Vault of Darkness has one significant problem. It did little to hamper my enjoyment of the game’s underhanded disputes, but it’s big enough that it sure was trying.
That problem is documentation.
Small Box Games has never been stellar about getting the rules written out in a clear manner the first go around, and this is a prime example. Not only was one of the pages of my manual completely blank, prompting a trip to the internet box to pen in what was missing, but there are all sorts of special circumstances left undocumented.
For instance, one of the special minions is called a Servitor. The rulebook establishes that Servitors are obtainable only through special actions, and that although they don’t add much influence, they always trigger the scheme of the district they’re deployed to. Unfortunately, roughly ninety-five percent of their appearances occur during the “Night’s End” phase, which takes place after all that relic stuff and sees both players taking a special action like adding a minion to their cohort, deploying an extra minion from their cohort, or using up one of their treasures. The problem is that during the Night’s End, no district schemes can be triggered. Which means Servitors are functionally worthless, and may as well not even be in the game.
Are Servitors special, and activate schemes even during the Night’s End?

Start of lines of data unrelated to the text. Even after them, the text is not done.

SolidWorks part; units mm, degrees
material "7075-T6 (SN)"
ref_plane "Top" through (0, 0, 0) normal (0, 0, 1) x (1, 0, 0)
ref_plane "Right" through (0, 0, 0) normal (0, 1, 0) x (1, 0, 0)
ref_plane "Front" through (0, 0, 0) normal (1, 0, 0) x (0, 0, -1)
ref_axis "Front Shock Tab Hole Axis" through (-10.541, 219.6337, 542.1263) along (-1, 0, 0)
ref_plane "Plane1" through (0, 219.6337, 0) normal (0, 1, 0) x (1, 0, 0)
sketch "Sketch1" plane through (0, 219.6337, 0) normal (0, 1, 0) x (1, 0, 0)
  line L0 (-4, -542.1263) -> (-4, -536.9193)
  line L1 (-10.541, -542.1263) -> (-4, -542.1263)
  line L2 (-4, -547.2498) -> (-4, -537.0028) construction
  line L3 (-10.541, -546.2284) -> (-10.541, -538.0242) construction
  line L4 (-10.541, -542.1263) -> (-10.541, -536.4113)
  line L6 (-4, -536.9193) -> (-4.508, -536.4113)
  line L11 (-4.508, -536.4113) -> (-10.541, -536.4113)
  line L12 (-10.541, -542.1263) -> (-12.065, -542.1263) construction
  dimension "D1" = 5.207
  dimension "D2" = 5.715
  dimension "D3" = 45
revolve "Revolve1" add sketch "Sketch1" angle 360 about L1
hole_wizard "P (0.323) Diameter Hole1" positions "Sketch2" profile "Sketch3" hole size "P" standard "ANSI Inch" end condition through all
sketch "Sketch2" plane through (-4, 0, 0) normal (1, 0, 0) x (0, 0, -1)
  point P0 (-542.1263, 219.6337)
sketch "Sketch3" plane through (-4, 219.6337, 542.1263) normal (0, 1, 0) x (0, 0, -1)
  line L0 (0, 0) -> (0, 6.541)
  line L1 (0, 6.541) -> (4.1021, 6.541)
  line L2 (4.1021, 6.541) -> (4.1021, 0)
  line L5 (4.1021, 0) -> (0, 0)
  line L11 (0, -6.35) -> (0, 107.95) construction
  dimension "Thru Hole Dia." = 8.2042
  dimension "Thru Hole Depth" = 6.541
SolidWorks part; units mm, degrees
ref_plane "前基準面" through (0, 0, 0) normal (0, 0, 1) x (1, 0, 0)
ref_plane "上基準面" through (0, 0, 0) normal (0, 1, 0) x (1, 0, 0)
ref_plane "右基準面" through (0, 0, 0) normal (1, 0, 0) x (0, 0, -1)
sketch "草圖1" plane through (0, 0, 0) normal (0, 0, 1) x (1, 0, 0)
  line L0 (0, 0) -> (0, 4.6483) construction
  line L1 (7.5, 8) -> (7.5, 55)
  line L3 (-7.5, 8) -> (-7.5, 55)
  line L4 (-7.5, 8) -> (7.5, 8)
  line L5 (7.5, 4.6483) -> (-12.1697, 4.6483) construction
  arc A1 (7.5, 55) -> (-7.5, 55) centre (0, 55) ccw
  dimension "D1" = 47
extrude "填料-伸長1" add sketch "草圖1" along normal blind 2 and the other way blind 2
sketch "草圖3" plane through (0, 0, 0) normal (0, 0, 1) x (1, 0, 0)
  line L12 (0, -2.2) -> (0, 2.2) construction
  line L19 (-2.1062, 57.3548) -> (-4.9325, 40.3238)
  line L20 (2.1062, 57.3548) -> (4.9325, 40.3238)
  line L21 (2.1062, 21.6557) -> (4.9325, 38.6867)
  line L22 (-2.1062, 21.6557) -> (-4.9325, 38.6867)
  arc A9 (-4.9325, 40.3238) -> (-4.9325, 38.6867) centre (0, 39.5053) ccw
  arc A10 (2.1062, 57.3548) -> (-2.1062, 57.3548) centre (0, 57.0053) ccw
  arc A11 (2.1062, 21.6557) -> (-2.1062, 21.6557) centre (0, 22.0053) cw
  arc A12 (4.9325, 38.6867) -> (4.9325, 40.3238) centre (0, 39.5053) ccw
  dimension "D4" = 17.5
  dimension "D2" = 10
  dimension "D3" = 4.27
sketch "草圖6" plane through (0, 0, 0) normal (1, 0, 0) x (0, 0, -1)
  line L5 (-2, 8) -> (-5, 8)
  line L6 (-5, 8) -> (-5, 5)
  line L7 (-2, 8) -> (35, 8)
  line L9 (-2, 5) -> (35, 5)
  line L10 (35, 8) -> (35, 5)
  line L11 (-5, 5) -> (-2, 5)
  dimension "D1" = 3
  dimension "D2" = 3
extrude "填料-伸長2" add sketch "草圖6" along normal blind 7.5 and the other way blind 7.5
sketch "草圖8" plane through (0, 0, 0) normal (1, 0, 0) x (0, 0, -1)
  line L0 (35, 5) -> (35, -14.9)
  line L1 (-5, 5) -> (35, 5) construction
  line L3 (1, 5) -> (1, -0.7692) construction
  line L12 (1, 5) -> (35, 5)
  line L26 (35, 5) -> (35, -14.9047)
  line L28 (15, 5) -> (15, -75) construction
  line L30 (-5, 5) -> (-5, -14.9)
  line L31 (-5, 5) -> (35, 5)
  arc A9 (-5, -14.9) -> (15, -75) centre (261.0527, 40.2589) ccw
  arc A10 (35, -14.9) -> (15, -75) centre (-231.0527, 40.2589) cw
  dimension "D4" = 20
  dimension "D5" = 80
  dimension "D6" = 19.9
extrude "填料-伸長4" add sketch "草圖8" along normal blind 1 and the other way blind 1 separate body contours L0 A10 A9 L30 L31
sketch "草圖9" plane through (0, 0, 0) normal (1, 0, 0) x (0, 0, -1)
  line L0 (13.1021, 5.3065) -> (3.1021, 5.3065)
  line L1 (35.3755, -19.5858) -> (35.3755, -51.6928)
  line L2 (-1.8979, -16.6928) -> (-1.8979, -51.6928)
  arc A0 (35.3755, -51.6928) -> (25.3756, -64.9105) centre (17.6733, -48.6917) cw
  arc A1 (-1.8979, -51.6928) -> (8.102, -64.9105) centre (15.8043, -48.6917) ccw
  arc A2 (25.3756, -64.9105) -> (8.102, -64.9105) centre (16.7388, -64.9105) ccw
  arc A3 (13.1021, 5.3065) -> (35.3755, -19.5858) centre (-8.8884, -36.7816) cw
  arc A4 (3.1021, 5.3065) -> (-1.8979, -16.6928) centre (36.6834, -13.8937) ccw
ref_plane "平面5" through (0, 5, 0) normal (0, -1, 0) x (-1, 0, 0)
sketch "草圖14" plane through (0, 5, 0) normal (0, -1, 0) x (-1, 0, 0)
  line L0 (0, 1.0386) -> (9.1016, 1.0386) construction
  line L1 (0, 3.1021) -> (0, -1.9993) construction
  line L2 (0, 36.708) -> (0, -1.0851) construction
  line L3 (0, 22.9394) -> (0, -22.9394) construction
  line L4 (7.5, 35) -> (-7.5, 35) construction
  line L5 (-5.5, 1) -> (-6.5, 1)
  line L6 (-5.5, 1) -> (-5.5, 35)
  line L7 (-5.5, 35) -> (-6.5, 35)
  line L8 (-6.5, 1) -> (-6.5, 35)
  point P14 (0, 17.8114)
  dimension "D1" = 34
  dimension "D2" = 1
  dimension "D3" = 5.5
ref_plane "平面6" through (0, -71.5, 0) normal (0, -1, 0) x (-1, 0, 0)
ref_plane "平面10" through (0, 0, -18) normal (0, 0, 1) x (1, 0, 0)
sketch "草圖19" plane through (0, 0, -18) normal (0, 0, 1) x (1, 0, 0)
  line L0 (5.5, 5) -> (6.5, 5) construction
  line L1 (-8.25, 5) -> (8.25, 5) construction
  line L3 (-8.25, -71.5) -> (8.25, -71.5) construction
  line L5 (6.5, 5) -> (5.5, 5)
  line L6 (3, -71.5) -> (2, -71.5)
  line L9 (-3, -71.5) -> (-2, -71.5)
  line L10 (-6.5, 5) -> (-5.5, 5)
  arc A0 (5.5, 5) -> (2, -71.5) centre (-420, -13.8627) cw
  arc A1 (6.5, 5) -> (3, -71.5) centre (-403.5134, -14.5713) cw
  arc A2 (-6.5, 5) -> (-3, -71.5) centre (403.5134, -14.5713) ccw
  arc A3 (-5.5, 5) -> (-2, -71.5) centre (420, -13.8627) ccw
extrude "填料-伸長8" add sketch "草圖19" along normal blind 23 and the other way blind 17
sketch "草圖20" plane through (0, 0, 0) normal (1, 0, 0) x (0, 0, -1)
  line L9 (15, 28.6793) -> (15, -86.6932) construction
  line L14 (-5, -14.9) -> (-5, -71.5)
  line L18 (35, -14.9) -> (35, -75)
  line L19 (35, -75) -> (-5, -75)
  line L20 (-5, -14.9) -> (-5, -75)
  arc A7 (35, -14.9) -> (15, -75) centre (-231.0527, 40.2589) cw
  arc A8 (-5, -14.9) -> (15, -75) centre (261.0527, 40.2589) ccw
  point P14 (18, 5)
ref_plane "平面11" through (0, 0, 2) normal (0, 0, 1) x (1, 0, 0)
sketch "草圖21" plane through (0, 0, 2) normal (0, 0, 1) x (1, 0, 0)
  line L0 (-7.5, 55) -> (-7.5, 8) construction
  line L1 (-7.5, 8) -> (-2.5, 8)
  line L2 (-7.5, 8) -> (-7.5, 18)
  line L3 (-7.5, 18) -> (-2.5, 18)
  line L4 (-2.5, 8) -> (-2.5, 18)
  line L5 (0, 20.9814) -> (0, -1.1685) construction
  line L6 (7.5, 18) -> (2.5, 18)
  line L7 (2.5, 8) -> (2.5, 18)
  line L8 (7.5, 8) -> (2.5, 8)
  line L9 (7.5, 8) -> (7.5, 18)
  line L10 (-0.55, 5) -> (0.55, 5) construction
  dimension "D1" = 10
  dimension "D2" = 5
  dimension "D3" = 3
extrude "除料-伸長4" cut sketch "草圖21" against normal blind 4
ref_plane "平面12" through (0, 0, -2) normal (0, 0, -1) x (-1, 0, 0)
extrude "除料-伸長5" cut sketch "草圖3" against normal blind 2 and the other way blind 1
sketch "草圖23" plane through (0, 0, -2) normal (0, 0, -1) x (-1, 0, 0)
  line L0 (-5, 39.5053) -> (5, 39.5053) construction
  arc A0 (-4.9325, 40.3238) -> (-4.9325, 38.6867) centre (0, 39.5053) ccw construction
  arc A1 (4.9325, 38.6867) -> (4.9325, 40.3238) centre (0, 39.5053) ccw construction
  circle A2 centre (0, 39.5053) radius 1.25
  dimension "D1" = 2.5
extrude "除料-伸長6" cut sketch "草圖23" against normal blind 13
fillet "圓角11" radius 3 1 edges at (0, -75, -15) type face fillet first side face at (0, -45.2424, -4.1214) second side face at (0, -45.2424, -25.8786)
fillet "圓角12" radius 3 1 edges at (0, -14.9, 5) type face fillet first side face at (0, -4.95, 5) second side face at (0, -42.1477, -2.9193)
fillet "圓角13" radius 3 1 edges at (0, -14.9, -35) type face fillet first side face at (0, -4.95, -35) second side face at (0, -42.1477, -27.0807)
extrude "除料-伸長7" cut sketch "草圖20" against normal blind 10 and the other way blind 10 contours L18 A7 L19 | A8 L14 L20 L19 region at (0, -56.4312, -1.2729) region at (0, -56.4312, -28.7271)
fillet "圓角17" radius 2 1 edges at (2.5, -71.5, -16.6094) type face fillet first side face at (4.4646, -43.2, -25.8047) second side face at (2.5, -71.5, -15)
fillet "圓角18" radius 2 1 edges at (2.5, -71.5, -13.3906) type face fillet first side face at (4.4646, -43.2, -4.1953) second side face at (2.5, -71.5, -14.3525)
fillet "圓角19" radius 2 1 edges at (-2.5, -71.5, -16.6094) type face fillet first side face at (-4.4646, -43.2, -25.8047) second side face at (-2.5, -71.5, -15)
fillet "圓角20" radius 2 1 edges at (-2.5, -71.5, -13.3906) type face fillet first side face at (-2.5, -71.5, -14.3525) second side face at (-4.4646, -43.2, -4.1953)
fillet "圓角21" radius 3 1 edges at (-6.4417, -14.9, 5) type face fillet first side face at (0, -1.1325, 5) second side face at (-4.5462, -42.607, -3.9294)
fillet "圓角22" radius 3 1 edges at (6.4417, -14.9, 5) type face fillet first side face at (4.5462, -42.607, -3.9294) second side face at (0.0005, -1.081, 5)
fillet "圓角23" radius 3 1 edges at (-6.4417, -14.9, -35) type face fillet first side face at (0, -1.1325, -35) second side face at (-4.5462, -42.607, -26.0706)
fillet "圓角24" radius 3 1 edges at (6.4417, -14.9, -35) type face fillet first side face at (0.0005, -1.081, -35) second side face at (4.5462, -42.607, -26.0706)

Should they appear more often than they have in the handful of matches I’ve played? Or are they every bit as superfluous as they seem? The rulebook won’t be answering those questions, or some others that might nag at you.
Even so, Vault of Darkness is fantastic. It’s tense and cruel in all the right ways, promoting the harshest of measures on your path to victory. It isn’t for the noncompetitive, easily-bruised egos, or people who can’t handle a couple rules ambiguities (at least until the forthcoming clarifications land).
But if you can hack it, Vault of Darkness is your huckleberry.
Posted on October 26, 2013, in Board Game and tagged Board Games, Hemloch, Small Box Games, Vault of Darkness. Bookmark the permalink. 7 Comments.
I wasn’t expecting that, maybe I’ll pick this up too!
Wow, that servitor thing is a real deal breaker for me until they clarify what they mean. Though.. it seems like it may be as you said and they always trigger schemes as a special rule. Maybe..
Fair enough. It certainly is vague. For what it’s worth, I’ve been enjoying H:VoD quite a bit by just house-ruling that they’re a unique circumstance and trigger schemes during the special action phase. But yes, I’d rather the rules themselves be clearer.
Another note: John Clowdus has announced that he’s updating the manual, and since one of the pages was blank, he’ll be sending the revised rulebook to everyone who bought H:VoD. That’s a classy move in my book, and hopefully it’ll clarify the few rules gaps in the current version.